Bailey AJ, Braeutigam S, Jousmäki V, Swithenby SJ

University Section of Child and Adolescent Psychiatry, Department of Psychiatry, University of Oxford, Oxford OX3 7LQ, UK. anthony.bailey@psychiatry.oxford.ac.uk

The neurological basis of developmental psychopathology in autism is a matter of intense debate. Magnetoencephalography (MEG) was used to study the neuronal responses associated with the processing of faces in 12 able adults with autism spectrum disorders (ASD), performing image categorization and image identification tasks. The neuromagnetic data were analysed using nonparametric time-series analysis and equivalent current dipole estimation. Comparison data were obtained from 22 normally developing adults. In individuals with ASD, the neural responses to images of faces, observed in right extrastriate cortices at approximately 145 ms after stimulus onset, were significantly weaker, less lateralized and less affected by stimulus repetition than in control subjects. Early latency (30-60 ms) responses to face images, over right anterior temporal regions, differed significantly between the two subject groups in the image identification task.
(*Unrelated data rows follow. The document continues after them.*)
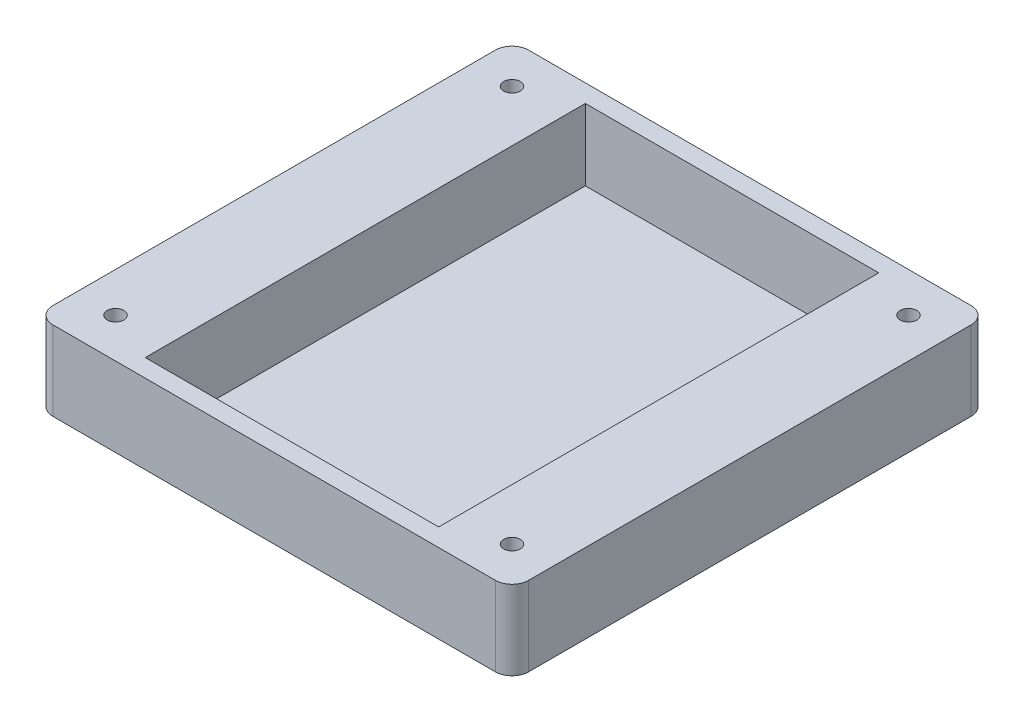
SolidWorks part; units mm, degrees
ref_plane "Front Plane" through (0, 0, 0) normal (0, 0, 1) x (1, 0, 0)
ref_plane "Top Plane" through (0, 0, 0) normal (0, 1, 0) x (1, 0, 0)
ref_plane "Right Plane" through (0, 0, 0) normal (1, 0, 0) x (0, 0, -1)
sketch "Sketch1" plane through (0, 0, 0) normal (0, 1, 0) x (1, 0, 0)
  line L0 (0, 0) -> (0, 26.0698) construction
  line L1 (-55.8, 60) -> (55.8, 60)
  line L2 (-60, 55.8) -> (-60, -55.8)
  line L3 (-55.8, -60) -> (55.8, -60)
  line L4 (60, 55.8) -> (60, -55.8)
  line L5 (-60, 60) -> (60, -60) construction
  line L6 (-60, -60) -> (60, 60) construction
  line L7 (-50, 50) -> (50, 50) construction
  line L8 (-50, 50) -> (-50, -50) construction
  line L9 (-50, -50) -> (50, -50) construction
  line L10 (50, 50) -> (50, -50) construction
  line L11 (-50, 50) -> (50, -50) construction
  line L12 (-50, -50) -> (50, 50) construction
  line L13 (0, 0) -> (27.008, 0) construction
  circle A0 centre (50, 50) radius 2.1
  circle A1 centre (-50, 50) radius 2.1
  circle A2 centre (50, -50) radius 2.1
  circle A3 centre (-50, -50) radius 2.1
  arc A4 (60, -55.8) -> (55.8, -60) centre (55.8, -55.8) cw
  arc A5 (-60, -55.8) -> (-55.8, -60) centre (-55.8, -55.8) ccw
  arc A6 (60, 55.8) -> (55.8, 60) centre (55.8, 55.8) ccw
  arc A7 (-60, 55.8) -> (-55.8, 60) centre (-55.8, 55.8) cw
  point P0 (0, 0)
  point P5 (0, 0)
  dimension "D4" = 4.2
  dimension "D5" = 4.2
  dimension "D1" = 120
  dimension "D2" = 120
  dimension "D3" = 100
extrude "Boss-Extrude1" add sketch "Sketch1" along normal blind 20
sketch "Sketch2" plane through (0, 20, 0) normal (0, 1, 0) x (1, 0, 0)
  line L1 (-37, 55.5) -> (37, 55.5)
  line L2 (-37, 55.5) -> (-37, -55.5)
  line L3 (-37, -55.5) -> (37, -55.5)
  line L4 (37, 55.5) -> (37, -55.5)
  line L5 (-37, 55.5) -> (37, -55.5) construction
  line L6 (-37, -55.5) -> (37, 55.5) construction
  point P0 (0, 0)
  dimension "D1" = 111
  dimension "D2" = 74
extrude "Cut-Extrude1" cut sketch "Sketch2" against normal blind 18

No such difference was observed for images of mugs or meaningless geometrical patterns. These findings suggest that, during the course of development in individuals with ASD, the cortical activity associated with the processing of human faces assumes a different-from-normal localization in extrastriate brain regions. This abnormal localization may be associated with unusual, but nevertheless face-specific, fast processing pathways.

Published 3 June 2005 in Eur J Neurosci, 21(9): 2575-85.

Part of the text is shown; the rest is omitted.